• _Records to process_:
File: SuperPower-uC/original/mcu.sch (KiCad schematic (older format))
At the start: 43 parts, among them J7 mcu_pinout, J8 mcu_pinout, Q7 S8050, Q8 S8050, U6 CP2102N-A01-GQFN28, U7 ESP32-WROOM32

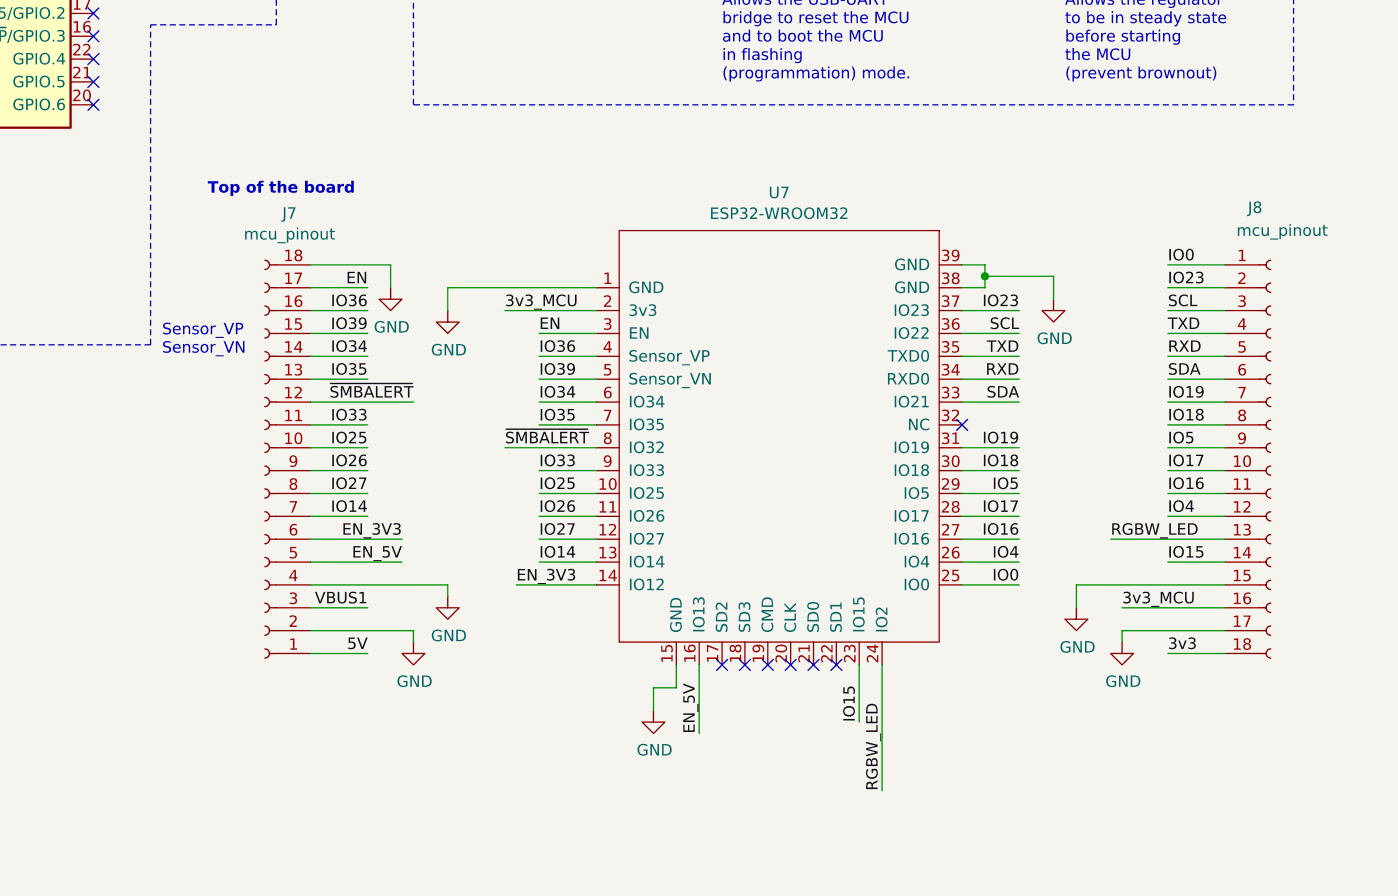
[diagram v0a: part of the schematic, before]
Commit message: Update Single rows Headers to be fully compatible with ESP WROOM modules
(ESP-32 DevKit C rev. 4)
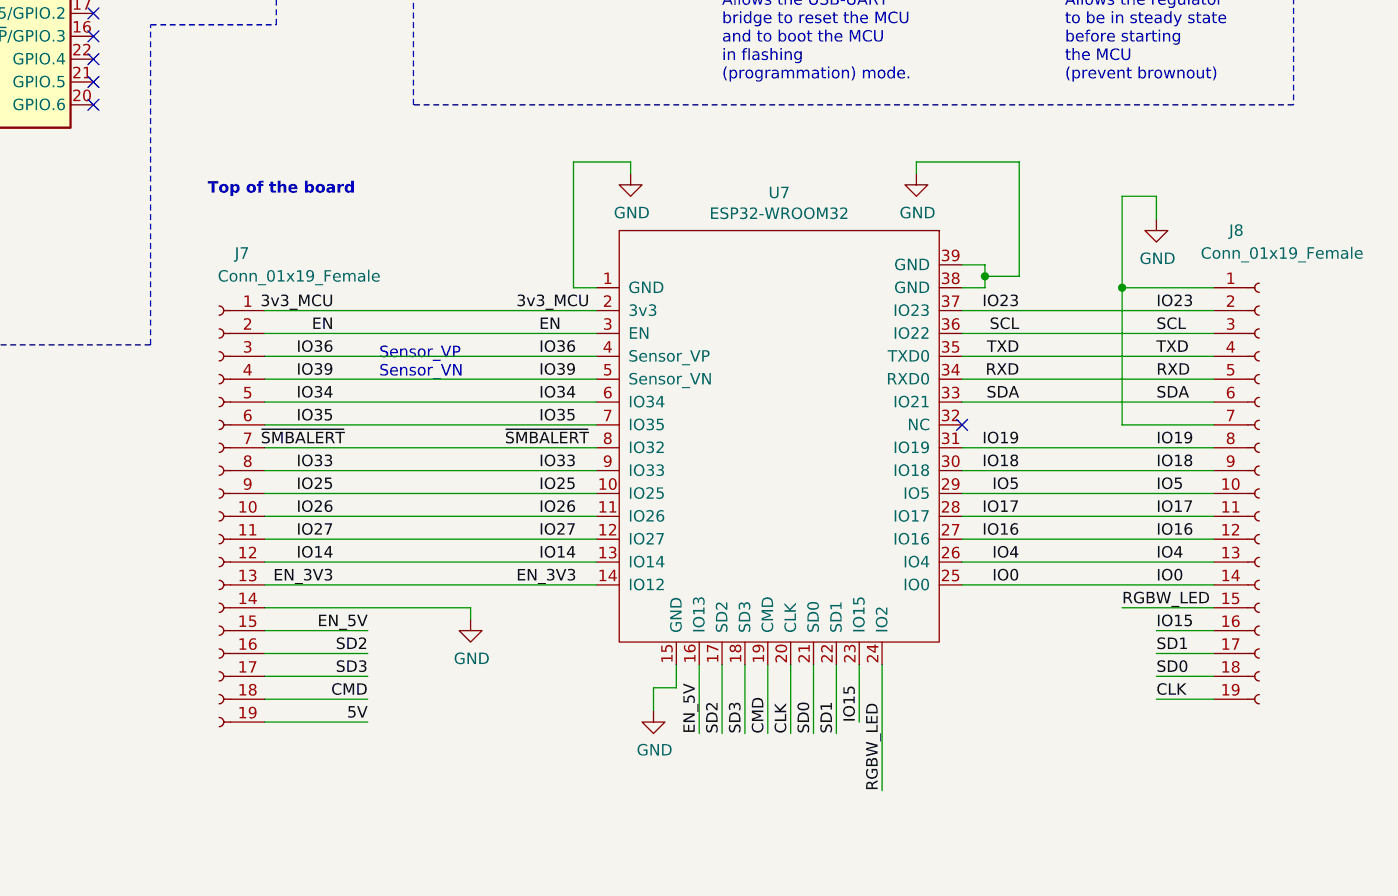
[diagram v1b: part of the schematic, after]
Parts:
- removed J7, J8: mcu_pinout, Connector_PinSocket_2.54mm:PinSocket_1x18_P2.54mm_Vertical, symbol Connector:Conn_01x18_Female
- added J7, J8: Conn_01x19_Female, Connector_PinSocket_2.54mm:PinSocket_1x19_P2.54mm_Vertical, symbol Connector:Conn_01x19_Female
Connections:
- net 3v3_MCU: now also J7.1 (Pin_1)
- net 5V: now also J7.19 (Pin_19)
- net EN: now also J7.2 (Pin_2)
- net EN_3V3: now also J7.13 (Pin_13)
- net EN_5V: now also J7.15 (Pin_15)
- net GND: now also J7.14 (Pin_14), J8.1 (Pin_1), J8.7 (Pin_7)
- net IO0: now also J8.14 (Pin_14)
- net IO14: now also J7.12 (Pin_12)
- net IO15: now also J8.16 (Pin_16)
- net IO16: now also J8.12 (Pin_12)
- net IO17: now also J8.11 (Pin_11)
- net IO18: now also J8.9 (Pin_9)
- net IO19: now also J8.8 (Pin_8)
- net IO23: now also J8.2 (Pin_2)
- net IO25: now also J7.9 (Pin_9)
- net IO26: now also J7.10 (Pin_10)
- net IO27: now also J7.11 (Pin_11)
- net IO33: now also J7.8 (Pin_8)
- net IO34: now also J7.5 (Pin_5)
- net IO35: now also J7.6 (Pin_6)
- net IO36: now also J7.3 (Pin_3)
- net IO39: now also J7.4 (Pin_4)
- net IO4: now also J8.13 (Pin_13)
- net IO5: now also J8.10 (Pin_10)
- net RGBW_LED: now also J8.15 (Pin_15)
- net RXD: now also J8.5 (Pin_5)
- net SCL: now also J8.3 (Pin_3)
- net SDA: now also J8.6 (Pin_6)
- net TXD: now also J8.4 (Pin_4)
- net ~SMBALERT: now also J7.7 (Pin_7)
- net SD2: now reaches U7.17 (SD2)
- net SD2: now also J7.16 (Pin_16)
- net SD3: now reaches U7.18 (SD3)
- net SD3: now also J7.17 (Pin_17)
- net CMD: now reaches U7.19 (CMD)
- net CMD: now also J7.18 (Pin_18)
- net CLK: now reaches U7.20 (CLK)
- net CLK: now also J8.19 (Pin_19)
- net SD0: now reaches U7.21 (SD0)
- net SD0: now also J8.18 (Pin_18)
- net SD1: now reaches U7.22 (SD1)
- net SD1: now also J8.17 (Pin_17)
- no-connect marks 19 -> 13

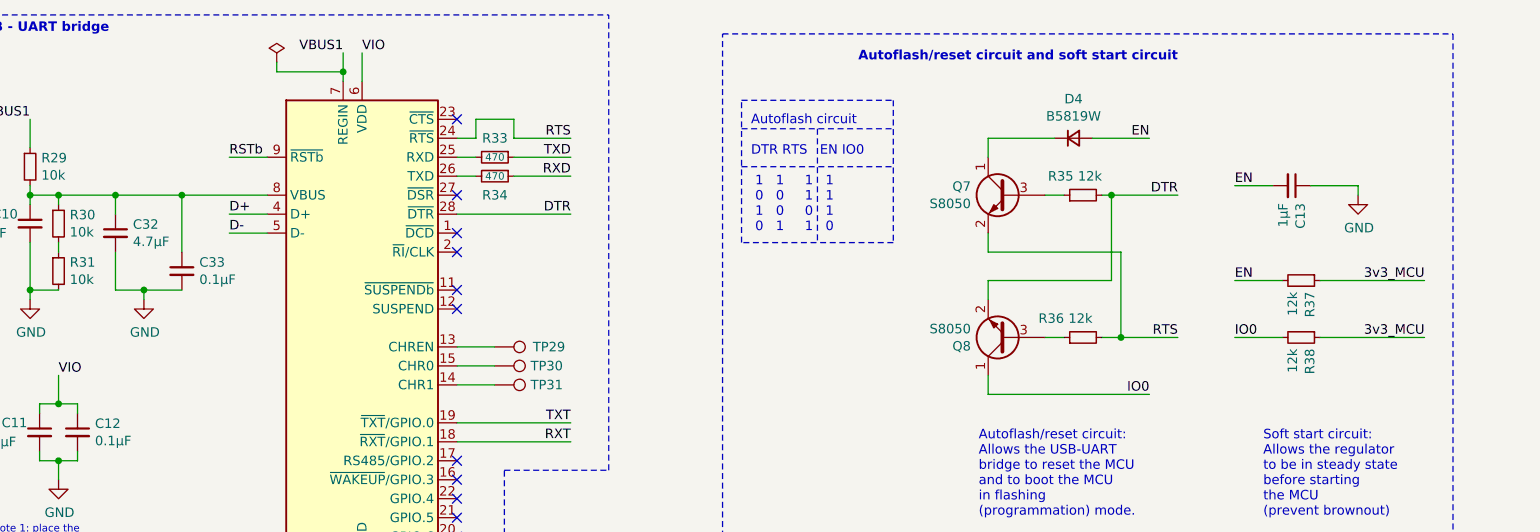
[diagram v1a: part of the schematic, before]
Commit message: Update Placement USB_UART_Bridge
+ Misc.
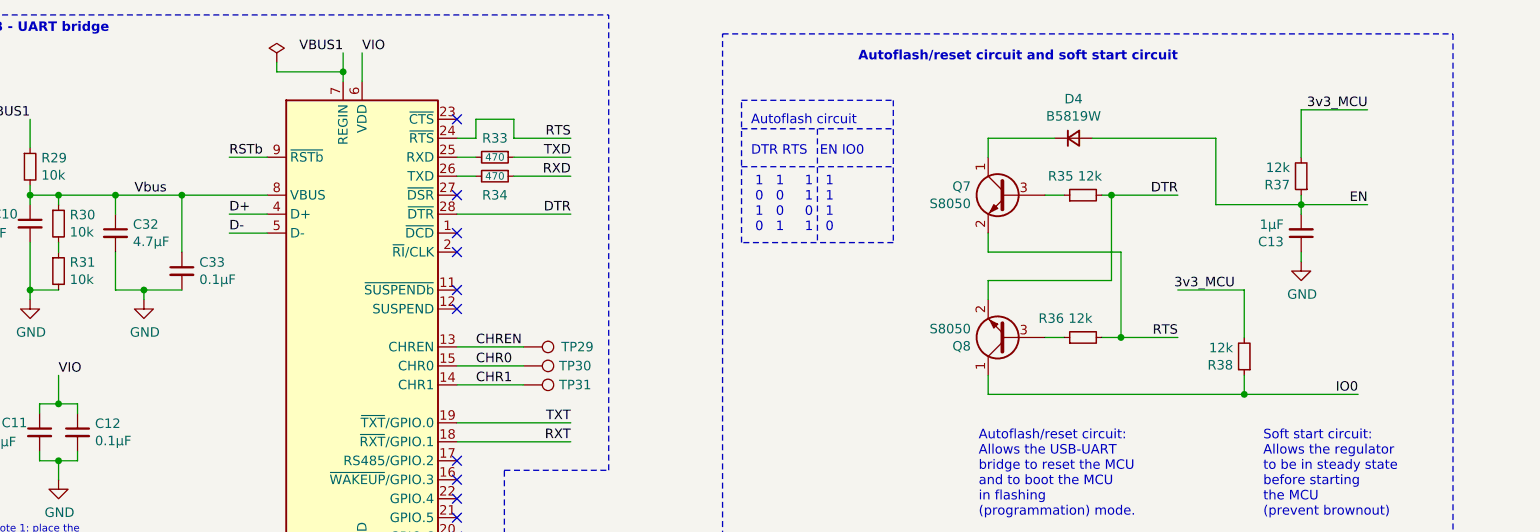
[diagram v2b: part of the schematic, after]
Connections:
- net 3v3_MCU: now also R37.2, R38.2; no longer R37.1, R38.1
- net EN: now also R37.1; no longer R37.2
- net IO0: now also R38.1; no longer R38.2
- net Vbus: now reaches C10.1, C32.1, C33.1, R29.2, R30.1, U6.8 (VBUS)
- net CHREN: now reaches TP29.1, U6.13 (CHREN)
- net CHR0: now reaches TP30.1, U6.15 (CHR0)
- net CHR1: now reaches TP31.1, U6.14 (CHR1)
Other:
- moved on the sheet: C13, R37, R38, TP29, TP30, TP31
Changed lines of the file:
@@
 L Connector:TestPoint TP29
 U 1 1 5FBB75FF
-P 5650 2400
-F 0 "TP29" V 5650 2600 50  0000 L CNN
-F 1 "TestPoint" V 5650 2700 50  0001 L CNN
-F 2 "TestPoint:TestPoint_Pad_D1.0mm" H 5850 2400 50  0001 C CNN
-F 3 "~" H 5850 2400 50  0001 C CNN
-	1    5650 2400
+P 5800 2400
+F 0 "TP29" V 5800 2600 50  0000 L CNN
+F 1 "TestPoint" V 5800 2700 50  0001 L CNN
+F 2 "TestPoint:TestPoint_Pad_D1.0mm" H 6000 2400 50  0001 C CNN
+F 3 "~" H 6000 2400 50  0001 C CNN
+	1    5800 2400
 	0    1    1    0
 $EndComp
@@
 L Connector:TestPoint TP30
 U 1 1 5FBC1FC0
-P 5650 2500
-F 0 "TP30" V 5650 2688 50  0000 L CNN
-F 1 "TestPoint" V 5695 2688 50  0001 L CNN
-F 2 "TestPoint:TestPoint_Pad_D1.0mm" H 5850 2500 50  0001 C CNN
-F 3 "~" H 5850 2500 50  0001 C CNN
-	1    5650 2500
+P 5800 2500
+F 0 "TP30" V 5800 2688 50  0000 L CNN
+F 1 "TestPoint" V 5845 2688 50  0001 L CNN
+F 2 "TestPoint:TestPoint_Pad_D1.0mm" H 6000 2500 50  0001 C CNN
+F 3 "~" H 6000 2500 50  0001 C CNN
+	1    5800 2500
 	0    1    1    0
 $EndComp
@@
 L Connector:TestPoint TP31
 U 1 1 5FBC21DE
-P 5650 2600
-F 0 "TP31" V 5650 2788 50  0000 L CNN
-F 1 "TestPoint" V 5695 2788 50  0001 L CNN
-F 2 "TestPoint:TestPoint_Pad_D1.0mm" H 5850 2600 50  0001 C CNN
-F 3 "~" H 5850 2600 50  0001 C CNN
-	1    5650 2600
-	0    1    1    0
-$EndComp
-Wire Wire Line
-	5650 2400 5450 2400
-Wire Wire Line
-	5450 2500 5650 2500
-Wire Wire Line
-	5650 2600 5450 2600
+P 5800 2600
+F 0 "TP31" V 5800 2788 50  0000 L CNN
+F 1 "TestPoint" V 5845 2788 50  0001 L CNN
+F 2 "TestPoint:TestPoint_Pad_D1.0mm" H 6000 2600 50  0001 C CNN
+F 3 "~" H 6000 2600 50  0001 C CNN
+	1    5800 2600
+	0    1    1    0
+$EndComp
 Text Label 6650 5700 2    50   ~ 0
 EN_5V
@@
 	9250 2350 8950 2350
 Connection ~ 8950 2350
-Wire Wire Line
-	8800 1300 9100 1300
-Text Label 9100 1300 2    50   ~ 0
+Text Label 10250 1650 2    50   ~ 0
 EN
-Wire Wire Line
-	8250 2650 9100 2650
-Text Label 9100 2650 2    50   ~ 0
-IO0
 $Comp
 L power:GND #PWR055
 U 1 1 5F8CBC56
-P 10200 1600
-F 0 "#PWR055" H 10200 1350 50  0001 C CNN
-F 1 "GND" H 10205 1427 50  0000 C CNN
-F 2 "" H 10200 1600 50  0001 C CNN
-F 3 "" H 10200 1600 50  0001 C CNN
-	1    10200 1600
+P 9900 1950
+F 0 "#PWR055" H 9900 1700 50  0001 C CNN
+F 1 "GND" H 9905 1777 50  0000 C CNN
+F 2 "" H 9900 1950 50  0001 C CNN
+F 3 "" H 9900 1950 50  0001 C CNN
+	1    9900 1950
 	1    0    0    -1
 $EndComp
-Text Label 9550 1550 0    50   ~ 0
-EN
-Wire Wire Line
-	9550 1550 9750 1550
+Wire Wire Line
+	9900 1650 9900 1700
 $Comp
 L Device:C_Small C13
 U 1 1 5F8C82E0
-P 9850 1550
-F 0 "C13" H 9942 1596 50  0000 L CNN
-F 1 "1µF" H 9942 1505 50  0000 L CNN
-F 2 "Capacitor_SMD:C_0603_1608Metric" H 9850 1550 50  0001 C CNN
-F 3 "~" H 9850 1550 50  0001 C CNN
-	1    9850 1550
-	0    1    1    0
-$EndComp
-Text Label 9550 2050 0    50   ~ 0
-EN
+P 9900 1800
+F 0 "C13" H 9992 1846 50  0000 L CNN
+F 1 "1µF" H 9992 1755 50  0000 L CNN
+F 2 "Capacitor_SMD:C_0603_1608Metric" H 9900 1800 50  0001 C CNN
+F 3 "~" H 9900 1800 50  0001 C CNN
+	1    9900 1800
+	-1   0    0    1
+$EndComp
 $Comp
 L Device:R_Small R37
 U 1 1 5FE5C5F7
-P 9900 2050
-F 0 "R37" H 9959 2096 50  0000 L CNN
-F 1 "12k" H 9959 2005 50  0000 L CNN
-F 2 "Resistor_SMD:R_0603_1608Metric" H 9900 2050 50  0001 C CNN
-F 3 "~" H 9900 2050 50  0001 C CNN
-	1    9900 2050
-	0    1    1    0
-$EndComp
-Text Label 10550 2050 2    50   ~ 0
+P 9900 1500
+F 0 "R37" H 9959 1546 50  0000 L CNN
+F 1 "12k" H 9959 1455 50  0000 L CNN
+F 2 "Resistor_SMD:R_0603_1608Metric" H 9900 1500 50  0001 C CNN
+F 3 "~" H 9900 1500 50  0001 C CNN
+	1    9900 1500
+	-1   0    0    1
+$EndComp
+Text Label 10250 1150 2    50   ~ 0
 3v3_MCU
-Wire Wire Line
-	9550 2050 9800 2050
-Wire Wire Line
-	10000 2050 10550 2050
 $Comp
 L Device:R_Small R38
 U 1 1 5FE7288F
-P 9900 2350
-F 0 "R38" H 9959 2396 50  0000 L CNN
-F 1 "12k" H 9959 2305 50  0000 L CNN
-F 2 "Resistor_SMD:R_0603_1608Metric" H 9900 2350 50  0001 C CNN
-F 3 "~" H 9900 2350 50  0001 C CNN
-	1    9900 2350
-	0    1    1    0
-$EndComp
-Text Label 10550 2350 2    50   ~ 0
+P 9600 2450
+F 0 "R38" H 9659 2496 50  0000 L CNN
+F 1 "12k" H 9659 2405 50  0000 L CNN
+F 2 "Resistor_SMD:R_0603_1608Metric" H 9600 2450 50  0001 C CNN
+F 3 "~" H 9600 2450 50  0001 C CNN
+	1    9600 2450
+	-1   0    0    1
+$EndComp
+Text Label 9550 2100 2    50   ~ 0
 3v3_MCU
-Wire Wire Line
-	9550 2350 9800 2350
-Wire Wire Line
-	10000 2350 10550 2350
-Text Label 9550 2350 0    50   ~ 0
+Text Label 10200 2650 2    50   ~ 0
 IO0
 Wire Wire Line
-	10200 1600 10200 1550
-Wire Wire Line
-	10200 1550 9950 1550
+	9900 1950 9900 1900
 Text Notes 8200 3300 0    50   ~ 0
 Autoflash/reset circuit:\nAllows the USB-UART\nbridge to reset the MCU\nand to boot the MCU\nin flashing\n(programmation) mode.
@@
 Wire Wire Line
 	9250 4300 10350 4300
+Wire Wire Line
+	5450 2600 5800 2600
+Wire Wire Line
+	5450 2500 5800 2500
+Wire Wire Line
+	5450 2400 5800 2400
+Text Label 5550 2400 0    50   ~ 0
+CHREN
+Text Label 5550 2500 0    50   ~ 0
+CHR0
+Text Label 5550 2600 0    50   ~ 0
+CHR1
+Text Label 3750 1600 0    50   ~ 0
+Vbus
+Wire Wire Line
+	9450 1300 9450 1650
+Wire Wire Line
+	9450 1650 9900 1650
+Wire Wire Line
+	8800 1300 9450 1300
+Wire Wire Line
+	9900 1600 9900 1650
+Connection ~ 9900 1650
+Wire Wire Line
+	9900 1400 9900 1150
+Wire Wire Line
+	9900 1150 10250 1150
+Wire Wire Line
+	9600 2350 9600 2100
+Wire Wire Line
+	9600 2100 9250 2100
+Wire Wire Line
+	9600 2650 9600 2550
+Wire Wire Line
+	8250 2650 9600 2650
+Wire Wire Line
+	9600 2650 10200 2650
+Connection ~ 9600 2650
+Wire Wire Line
+	9900 1650 10250 1650
 $EndSCHEMATC

• _Activity_: Among the entries above, identify all lines with "after" and copy them.

• _Result of the task_:
[diagram v1b: part of the schematic, after]
[diagram v2b: part of the schematic, after]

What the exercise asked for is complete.